Whether it is a full-blown heroin addiction or an inability to stop eating cookies, addiction has a way of controlling our lives
Does the present moment always feel as though it is missing something?
Does it feel like you can’t find the satisfaction you are seeking, no matter how much you look for it in the future?
. . . no matter how many drugs you take or drinks you drink?
. . . no matter how much “stuff” you buy?
. . . no matter how much you work?
. . . no matter how much love or sex you get?
. . . no matter how much you gamble or eat?
If you answered yes to any of these questions, you may be suffering from addiction.
Whether it is a full-blown heroin addiction or an inability to stop eating cookies, addiction has a way of controlling our lives. It sets us on a course of constant, uncontrollable seeking towards the next moment.

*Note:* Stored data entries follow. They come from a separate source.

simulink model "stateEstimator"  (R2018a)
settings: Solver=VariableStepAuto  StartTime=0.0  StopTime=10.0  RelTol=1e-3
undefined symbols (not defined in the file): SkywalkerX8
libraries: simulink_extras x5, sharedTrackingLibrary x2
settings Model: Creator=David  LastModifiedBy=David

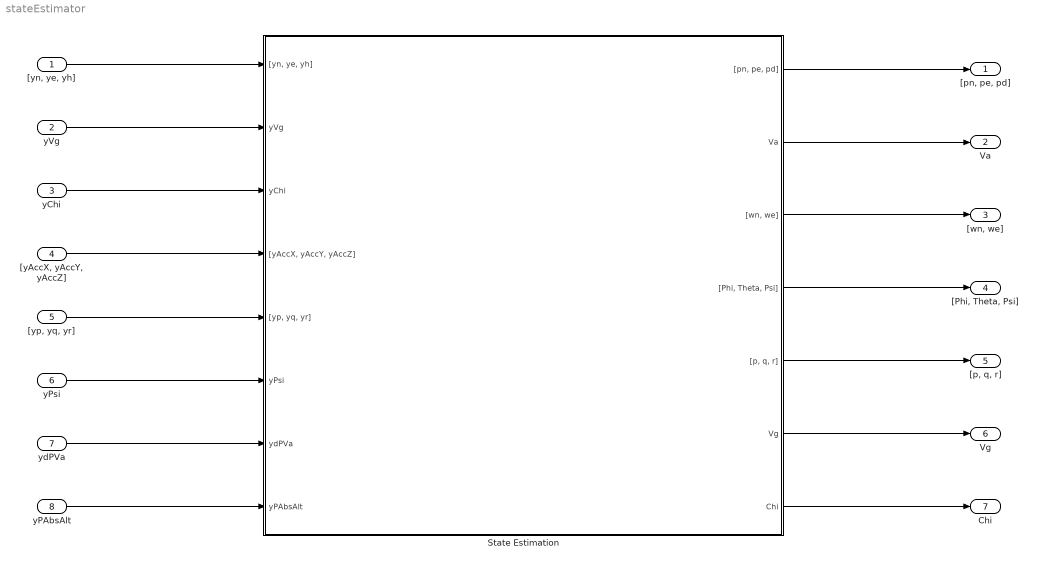
== system stateEstimator ==
  "[yn, ye, yh]" : Inport  PortDimensions=3
  yVg : Inport  Port=2  PortDimensions=3
  yChi : Inport  Port=3  PortDimensions=3
  "[yAccX, yAccY, yAccZ]" : Inport  Port=4  PortDimensions=3
  "[yp, yq, yr]" : Inport  Port=5  PortDimensions=3
  yPsi : Inport  Port=6  PortDimensions=3
  ydPVa : Inport  Port=7  PortDimensions=3
  yPAbsAlt : Inport  Port=8  PortDimensions=3
  State Estimation : Subsystem
      mask Display:
      | image('state_estimate.jpg', 'center')
      | 
      | port_label('input', 1, '[y_{GPS_N}, y_{GPS_E}, y_{GPS_h}] (m)', 'texMode', 'On')
      | port_label('input', 2, 'y_{GPS_{Vg}} (m/s)', 'texMode', 'On')
      | port_label('input', 3, 'y_{GPS_{\chi}} (rad)', 'texMode', 'On')
      | port_label('input', 4, '[y_{accel_x}, y_{accel_y}, y_{accel_z}] (m/s^2)', 'texMode', 'on')
      | port_label('input', 5, '[y_p, y_q, y_r] (rad/s)', 'texMode', 'on')
      | port_label('input', 6, 'y_{\psi} (rad)', 'texMode', 'on')
      | port_label('input', 7, 'y_{\DeltaP_{V_a}} (Pa)', 'texMode', 'on')
      | port_label('input', 8, 'y_{P_{abs}} (Pa)', 'texMode', 'on')
      | 
      | port_label('output', 1, '[p_N, p_E, p_D] (m)', 'texMode', 'On')
      | port_label('output', 2, 'V_a (m/s)', 'texMode', 'On')
      | port_label('output', 3, '[w_N, w_E] (m/s)', 'texMode', 'On')
      | port_label('output', 4, '[\phi, \theta, \psi] (rad)', 'texMode', 'on')
      | port_label('output', 5, '{\bf\omega_b} (rad/s)', 'texMode', 'on')
      | port_label('output', 6, 'V_g (m/s)', 'texMode', 'on')
      | port_label('output', 7, '\chi (rad)', 'texMode', 'on')
  "[pn, pe, pd]" : Outport
  Va : Outport  Port=2
  "[wn, we]" : Outport  Port=3
  "[Phi, Theta, Psi]" : Outport  Port=4
  "[p, q, r]" : Outport  Port=5
  Vg : Outport  Port=6
  Chi : Outport  Port=7
  wires:
  "[yn, ye, yh]"/1 -> State Estimation/1("[yn, ye, yh]")
  yVg/1 -> State Estimation/2(yVg)
  yChi/1 -> State Estimation/3(yChi)
  "[yAccX, yAccY, yAccZ]"/1 -> State Estimation/4("[yAccX, yAccY, yAccZ]")
  "[yp, yq, yr]"/1 -> State Estimation/5("[yp, yq, yr]")
  yPsi/1 -> State Estimation/6(yPsi)
  ydPVa/1 -> State Estimation/7(ydPVa)
  yPAbsAlt/1 -> State Estimation/8(yPAbsAlt)
  State Estimation/1("[pn, pe, pd]") -> "[pn, pe, pd]"/1
  State Estimation/2(Va) -> Va/1
  State Estimation/3("[wn, we]") -> "[wn, we]"/1
  State Estimation/4("[Phi, Theta, Psi]") -> "[Phi, Theta, Psi]"/1
  State Estimation/5("[p, q, r]") -> "[p, q, r]"/1
  State Estimation/6(Vg) -> Vg/1
  State Estimation/7(Chi) -> Chi/1

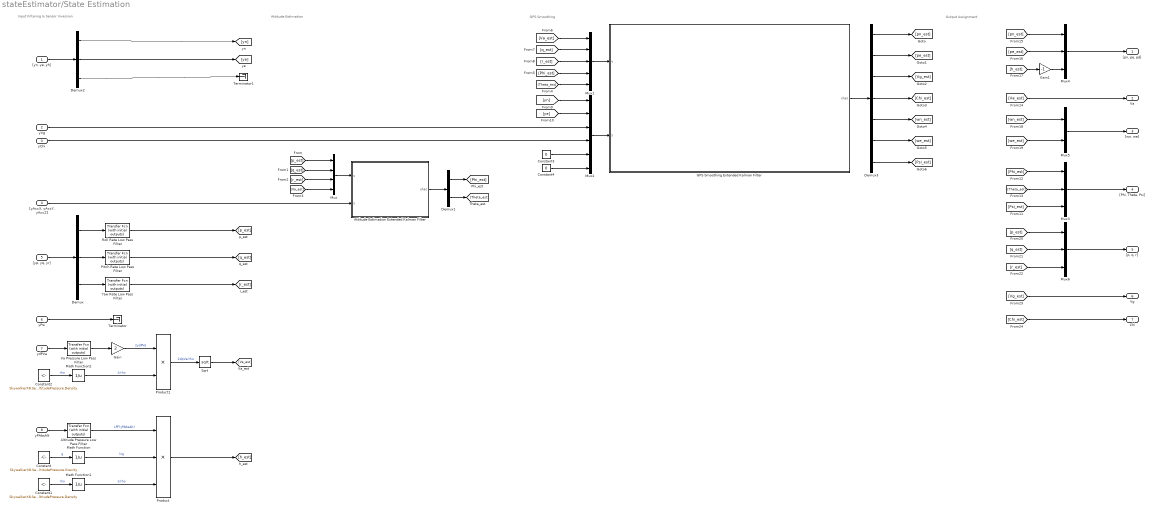
== system stateEstimator/State Estimation ==
  note: Output Assignment
  note: GPS Smoothing
  note: Attitude Estimation
  note: Input Filtering & Sensor Inversion
  "[yn, ye, yh]" : Inport  PortDimensions=3
  yVg : Inport  Port=2  PortDimensions=3
  yChi : Inport  Port=3  PortDimensions=3
  "[yAccX, yAccY, yAccZ]" : Inport  Port=4  PortDimensions=3
  "[yp, yq, yr]" : Inport  Port=5  PortDimensions=3
  yPsi : Inport  Port=6  PortDimensions=3
  ydPVa : Inport  Port=7  PortDimensions=3
  yPAbsAlt : Inport  Port=8  PortDimensions=3
  Altitude Pressure Low Pass Filter : simulink_extras/Additional Linear/Transfer Fcn (with initial outputs)  N=cell2mat(SkywalkerX8.Sensors.Filters.AltitudePressure.FilterTF.Numerator)  D=cell2mat(SkywalkerX8.Sensors.Filters.AltitudePressure.FilterTF.Denominator)  Y0=SkywalkerX8.Sensors.Filters.AltitudePressure.InitialCondition  U0=SkywalkerX8.Sensors.Filters.AltitudePressure.InitialCondition
  Attitude Estimation Extended Kalman Filter : Subsystem
      mask Display:
      | port_label('input', 1, '{\bf u} = [p, q, r, V_a]', 'texMode', 'On')
      | port_label('input', 2, '{\bf y} = [a_x, a_y, a_z]', 'texMode', 'On')
      | 
      | port_label('output', 1, '{\bf x_{est}} = [\Phi, \theta]', 'texMode', 'On')
  Constant : Constant  Value=SkywalkerX8.Sensors.StateEstimate.SensorInversion.AltitudePressure.Gravity
  Constant1 : Constant  Value=SkywalkerX8.Sensors.StateEstimate.SensorInversion.AltitudePressure.Density
  Constant2 : Constant  Value=SkywalkerX8.Sensors.StateEstimate.SensorInversion.AltitudePressure.Density
  Constant3 : Constant  Value=0
  Constant4 : Constant  Value=0
  Demux : Demux  Outputs=3
  Demux1 : Demux  Outputs=2
  Demux2 : Demux  Outputs=3
  Demux3 : Demux  Outputs=7
  GPS Smoothing Extended Kalman Filter : Subsystem
      mask Display:
      | port_label('input', 1, '{\bf u} = [V_a, q, r, \Phi, \theta]', 'texMode', 'On')
      | port_label('input', 2, '{\bf y} = [y_{GPS_N}, y_{GPS_E}, y_{GPS_{V_g}}, y_{GPS_\chi}, y_{GPS_{wind_N}}, y_{GPS_{wind_E}}]', 'texMode', 'On')
      | 
      | port_label('output', 1, '{\bf x_{est}} = [p_n, p_e, V_g, \chi, w_n, w_e, \psi]', 'texMode', 'On')
  Gain : Gain  Gain=2
  Gain1 : Gain  Gain=-1
  Math Function : Math  Operator=reciprocal  SaturateOnIntegerOverflow=on
  Math Function1 : Math  Operator=reciprocal  SaturateOnIntegerOverflow=on
  Math Function2 : Math  Operator=reciprocal  SaturateOnIntegerOverflow=on
  Mux : Mux
  Mux1 : Mux  Inputs=5
  Mux2 : Mux  Inputs=6
  Mux3 : Mux  Inputs=3
  Mux4 : Mux  Inputs=3
  Mux5 : Mux  Inputs=2
  Mux6 : Mux  Inputs=3
  Pitch Rate Low Pass Filter : simulink_extras/Additional Linear/Transfer Fcn (with initial outputs)  N=cell2mat(SkywalkerX8.Sensors.Filters.AngularRates.Pitch.FilterTF.Numerator)  D=cell2mat(SkywalkerX8.Sensors.Filters.AngularRates.Pitch.FilterTF.Denominator)  Y0=SkywalkerX8.Sensors.Filters.AngularRates.Pitch.InitialCondition  U0=SkywalkerX8.Sensors.Filters.AngularRates.Pitch.InitialCondition
  Product : Product  Inputs=3
  Product1 : Product
  Roll Rate Low Pass Filter : simulink_extras/Additional Linear/Transfer Fcn (with initial outputs)  N=cell2mat(SkywalkerX8.Sensors.Filters.AngularRates.Roll.FilterTF.Numerator)  D=cell2mat(SkywalkerX8.Sensors.Filters.AngularRates.Roll.FilterTF.Denominator)  Y0=SkywalkerX8.Sensors.Filters.AngularRates.Roll.InitialCondition  U0=SkywalkerX8.Sensors.Filters.AngularRates.Roll.InitialCondition
  Sqrt : Sqrt  SaturateOnIntegerOverflow=on
  Terminator : Terminator
  Terminator1 : Terminator
  Va Pressure Low Pass Filter : simulink_extras/Additional Linear/Transfer Fcn (with initial outputs)  N=cell2mat(SkywalkerX8.Sensors.Filters.AirspeedPressure.FilterTF.Numerator)  D=cell2mat(SkywalkerX8.Sensors.Filters.AirspeedPressure.FilterTF.Denominator)  Y0=SkywalkerX8.Sensors.Filters.AirspeedPressure.InitialCondition  U0=SkywalkerX8.Sensors.Filters.AirspeedPressure.InitialCondition
  Yaw Rate Low Pass Filter : simulink_extras/Additional Linear/Transfer Fcn (with initial outputs)  N=cell2mat(SkywalkerX8.Sensors.Filters.AngularRates.Yaw.FilterTF.Numerator)  D=cell2mat(SkywalkerX8.Sensors.Filters.AngularRates.Yaw.FilterTF.Denominator)  Y0=SkywalkerX8.Sensors.Filters.AngularRates.Yaw.InitialCondition  U0=SkywalkerX8.Sensors.Filters.AngularRates.Yaw.InitialCondition
  "[pn, pe, pd]" : Outport
  Va : Outport  Port=2
  "[wn, we]" : Outport  Port=3
  "[Phi, Theta, Psi]" : Outport  Port=4
  "[p, q, r]" : Outport  Port=5
  Vg : Outport  Port=6
  Chi : Outport  Port=7
  wires:
  [Phi_est] -> Mux1/4
  Math Function1/1 -> Product/3  "1/rho"
  [ye] -> Mux2/2
  Sqrt/1 -> [Va_est]
  Demux/2 -> Pitch Rate Low Pass Filter/1
  [r_est] -> Mux/3
  Math Function2/1 -> Product1/2  "1/rho"
  yChi/1 -> Mux2/4
  Demux2/3 -> Terminator1/1
  Mux4/1 -> "[pn, pe, pd]"/1
  Mux6/1 -> "[p, q, r]"/1
  [r_est] -> Mux1/3
  Constant3/1 -> Mux2/5
  Constant2/1 -> Math Function2/1  "rho"
  Demux3/4 -> [Chi_est]
  Demux3/3 -> [Vg_est]
  Gain1/1 -> Mux4/3
  Math Function/1 -> Product/2  "1/g"
  [h_est] -> Gain1/1
  [we_est] -> Mux5/2
  "[yp, yq, yr]"/1 -> Demux/1
  [Theta_est] -> Mux1/5
  Demux3/7 -> [Psi_est]
  Mux2/1 -> GPS Smoothing Extended Kalman Filter/2(y)
  Constant4/1 -> Mux2/6
  [r_est] -> Mux6/3
  Mux/1 -> Attitude Estimation Extended Kalman Filter/1(u)
  [wn_est] -> Mux5/1
  Demux2/2 -> [ye]
  GPS Smoothing Extended Kalman Filter/1(xhat) -> Demux3/1
  Constant1/1 -> Math Function1/1  "rho"
  Demux2/1 -> [yn]
  Demux3/6 -> [we_est]
  [q_est] -> Mux6/2
  "[yAccX, yAccY, yAccZ]"/1 -> Attitude Estimation Extended Kalman Filter/2(y)
  Demux1/2 -> [Theta_est]
  Mux1/1 -> GPS Smoothing Extended Kalman Filter/1(u)
  Demux3/5 -> [wn_est]
  Attitude Estimation Extended Kalman Filter/1(xhat) -> Demux1/1
  Gain/1 -> Product1/1  "2ydPVa"
  Constant/1 -> Math Function/1  "g"
  [p_est] -> Mux/1
  yVg/1 -> Mux2/3
  Altitude Pressure Low Pass Filter/1 -> Product/1  "LPF(yPAbsAlt)"
  [Chi_est] -> Chi/1
  yPsi/1 -> Terminator/1
  [q_est] -> Mux1/2
  Demux3/1 -> [pn_est]
  [Va_est] -> Mux1/1
  [Theta_est] -> Mux3/2
  Va Pressure Low Pass Filter/1 -> Gain/1
  [q_est] -> Mux/2
  Product1/1 -> Sqrt/1  "2dpVa/rho"
  Yaw Rate Low Pass Filter/1 -> [r_est]
  Product/1 -> [h_est]
  [Va_est] -> Mux/4
  ydPVa/1 -> Va Pressure Low Pass Filter/1
  [Psi_est] -> Mux3/3
  Pitch Rate Low Pass Filter/1 -> [q_est]
  Demux/1 -> Roll Rate Low Pass Filter/1
  yPAbsAlt/1 -> Altitude Pressure Low Pass Filter/1
  Demux/3 -> Yaw Rate Low Pass Filter/1
  [pn_est] -> Mux4/1
  [p_est] -> Mux6/1
  Demux3/2 -> [pe_est]
  Demux1/1 -> [Phi_est]
  Roll Rate Low Pass Filter/1 -> [p_est]
  [Vg_est] -> Vg/1
  "[yn, ye, yh]"/1 -> Demux2/1
  [pe_est] -> Mux4/2
  [Phi_est] -> Mux3/1
  Mux3/1 -> "[Phi, Theta, Psi]"/1
  Mux5/1 -> "[wn, we]"/1
  [Va_est] -> Va/1
  [yn] -> Mux2/1

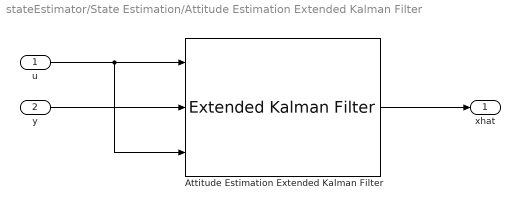
== system stateEstimator/State Estimation/Attitude Estimation Extended Kalman Filter ==
  u : Inport
  y : Inport  Port=2
  Attitude Estimation Extended Kalman Filter : sharedTrackingLibrary/Extended Kalman Filter  StateTransitionFcn=attitudeTransitionEstimate  HasStateTransitionJacobianFcn=on  StateTransitionJacobianFcn=attitudeTransitionEstimate_Jacobian  HasAdditiveProcessNoise=Additive  ProcessNoise=SkywalkerX8.Sensors.EKF.Attitude.StateCovarianceMatrix  HasTimeVaryingProcessNoise=off  HasStateTransitionFcnExtraArgument=1  InitialState=SkywalkerX8.Sensors.EKF.Attitude.InitialState  InitialStateCovariance=SkywalkerX8.Sensors.EKF.Attitude.InitialStateCovarianceMatrix  MeasurementFcn1=accelerometerMeasurementEstimate  HasMeasurementJacobianFcn1=on  MeasurementJacobianFcn1=accelerometerMeasurementEstimate_Jacobian  HasMeasurementEnablePort1=off  HasAdditiveMeasurementNoise1=Additive  MeasurementNoise1=SkywalkerX8.Sensors.EKF.Attitude.MeasurementCovarianceMatrix  HasTimeVaryingMeasurementNoise1=off  HasMeasurementFcnExtraArgument1=1  MeasurementFcn2=myMeasurementFcn  HasMeasurementJacobianFcn2=off  HasMeasurementEnablePort2=off  HasAdditiveMeasurementNoise2=Additive  MeasurementNoise2=1  HasTimeVaryingMeasurementNoise2=off  HasMeasurementFcnExtraArgument2=0  MeasurementFcn3=myMeasurementFcn  HasMeasurementJacobianFcn3=off  HasMeasurementEnablePort3=off  HasAdditiveMeasurementNoise3=Additive  MeasurementNoise3=1  HasTimeVaryingMeasurementNoise3=off  HasMeasurementFcnExtraArgument3=0  MeasurementFcn4=myMeasurementFcn  HasMeasurementJacobianFcn4=off  HasMeasurementEnablePort4=off  HasAdditiveMeasurementNoise4=Additive  MeasurementNoise4=1  HasTimeVaryingMeasurementNoise4=off  HasMeasurementFcnExtraArgument4=0  MeasurementFcn5=myMeasurementFcn  HasMeasurementJacobianFcn5=off  HasMeasurementEnablePort5=off  HasAdditiveMeasurementNoise5=Additive  MeasurementNoise5=1  HasTimeVaryingMeasurementNoise5=off  HasMeasurementFcnExtraArgument5=0  EnableMultirate=on  StateTransitionFcnSampleTime=SkywalkerX8.Sensors.EKF.Attitude.StateTransitionSampleTime  MeasurementFcn1SampleTime=SkywalkerX8.Sensors.EKF.Attitude.MeasurementSampleTime  MeasurementFcn2SampleTime=1  MeasurementFcn3SampleTime=1  MeasurementFcn4SampleTime=1  MeasurementFcn5SampleTime=1  UseCurrentEstimator=on  OutputStateCovariance=off  DataType=double  SampleTime=SkywalkerX8.Sensors.EKF.Attitude.SampleTime  NumberOfMeasurements=1
      settings: SourceProductName=Control System Toolbox  SourceProductBaseCode=CT
  xhat : Outport
  wires:
  y/1 -> Attitude Estimation Extended Kalman Filter/2
  u/1 -> Attitude Estimation Extended Kalman Filter/3, Attitude Estimation Extended Kalman Filter/1
  Attitude Estimation Extended Kalman Filter/1 -> xhat/1

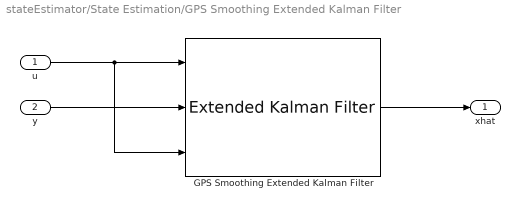
== system stateEstimator/State Estimation/GPS Smoothing Extended Kalman Filter ==
  u : Inport
  y : Inport  Port=2
  GPS Smoothing Extended Kalman Filter : sharedTrackingLibrary/Extended Kalman Filter  StateTransitionFcn=GPSSmoothingTransitionEstimate  HasStateTransitionJacobianFcn=on  StateTransitionJacobianFcn=GPSSmoothingTransitionEstimate_Jacobian  HasAdditiveProcessNoise=Additive  ProcessNoise=SkywalkerX8.Sensors.EKF.GPSSmoothing.StateCovarianceMatrix  HasTimeVaryingProcessNoise=off  HasStateTransitionFcnExtraArgument=1  InitialState=SkywalkerX8.Sensors.EKF.GPSSmoothing.InitialState  InitialStateCovariance=SkywalkerX8.Sensors.EKF.GPSSmoothing.InitialStateCovarianceMatrix  MeasurementFcn1=GPSSmoothingMeasurementEstimate  HasMeasurementJacobianFcn1=on  MeasurementJacobianFcn1=GPSSmoothingMeasurementEstimate_Jacobian  HasMeasurementEnablePort1=off  HasAdditiveMeasurementNoise1=Additive  MeasurementNoise1=SkywalkerX8.Sensors.EKF.GPSSmoothing.MeasurementCovarianceMatrix  HasTimeVaryingMeasurementNoise1=off  HasMeasurementFcnExtraArgument1=1  MeasurementFcn2=myMeasurementFcn  HasMeasurementJacobianFcn2=off  HasMeasurementEnablePort2=off  HasAdditiveMeasurementNoise2=Additive  MeasurementNoise2=1  HasTimeVaryingMeasurementNoise2=off  HasMeasurementFcnExtraArgument2=0  MeasurementFcn3=myMeasurementFcn  HasMeasurementJacobianFcn3=off  HasMeasurementEnablePort3=off  HasAdditiveMeasurementNoise3=Additive  MeasurementNoise3=1  HasTimeVaryingMeasurementNoise3=off  HasMeasurementFcnExtraArgument3=0  MeasurementFcn4=myMeasurementFcn  HasMeasurementJacobianFcn4=off  HasMeasurementEnablePort4=off  HasAdditiveMeasurementNoise4=Additive  MeasurementNoise4=1  HasTimeVaryingMeasurementNoise4=off  HasMeasurementFcnExtraArgument4=0  MeasurementFcn5=myMeasurementFcn  HasMeasurementJacobianFcn5=off  HasMeasurementEnablePort5=off  HasAdditiveMeasurementNoise5=Additive  MeasurementNoise5=1  HasTimeVaryingMeasurementNoise5=off  HasMeasurementFcnExtraArgument5=0  EnableMultirate=on  StateTransitionFcnSampleTime=SkywalkerX8.Sensors.EKF.GPSSmoothing.StateTransitionSampleTime  MeasurementFcn1SampleTime=SkywalkerX8.Sensors.EKF.GPSSmoothing.MeasurementSampleTime  MeasurementFcn2SampleTime=1  MeasurementFcn3SampleTime=1  MeasurementFcn4SampleTime=1  MeasurementFcn5SampleTime=1  UseCurrentEstimator=on  OutputStateCovariance=off  DataType=double  NumberOfMeasurements=1
      settings: SourceProductName=Control System Toolbox  SourceProductBaseCode=CT
  xhat : Outport
  wires:
  y/1 -> GPS Smoothing Extended Kalman Filter/2
  u/1 -> GPS Smoothing Extended Kalman Filter/3, GPS Smoothing Extended Kalman Filter/1
  GPS Smoothing Extended Kalman Filter/1 -> xhat/1

As addicts we seek to avoid unpleasant feelings and thoughts that are appearing now. These feelings and thoughts are remnants of the past. We carry them around with us unconsciously. We then erroneously believe that the future will set us free of these unpleasant feelings and thoughts.
Yet no matter how much we keep seeking the future, we never find that freedom. In our addiction, we may find moments of release or brief periods of satisfaction when we temporarily satisfy our urges, but we never find ongoing and permanent release from the cycle of seeking.
Natural rest is the key to freedom from the addiction cycle.
What is natural rest? This question cannot be answered through concepts. It must be experienced.
As addicts, we are addicted to thinking that the future will provide our happiness.
This addiction to thinking cannot be released through more thinking. Don’t rely on thinking to find out what natural rest is. Instead, take up the practice proposed in this book and find out for yourself what it is.
The present moment, when we are not emphasizing thoughts, contains a “natural rest.”
This rest is “natural” because it is already here. All we have to do is relax into it on a repeated basis.
The natural rest of the present moment is overlooked continuously by addicts. In overlooking this rest, the cycle of addiction just continues.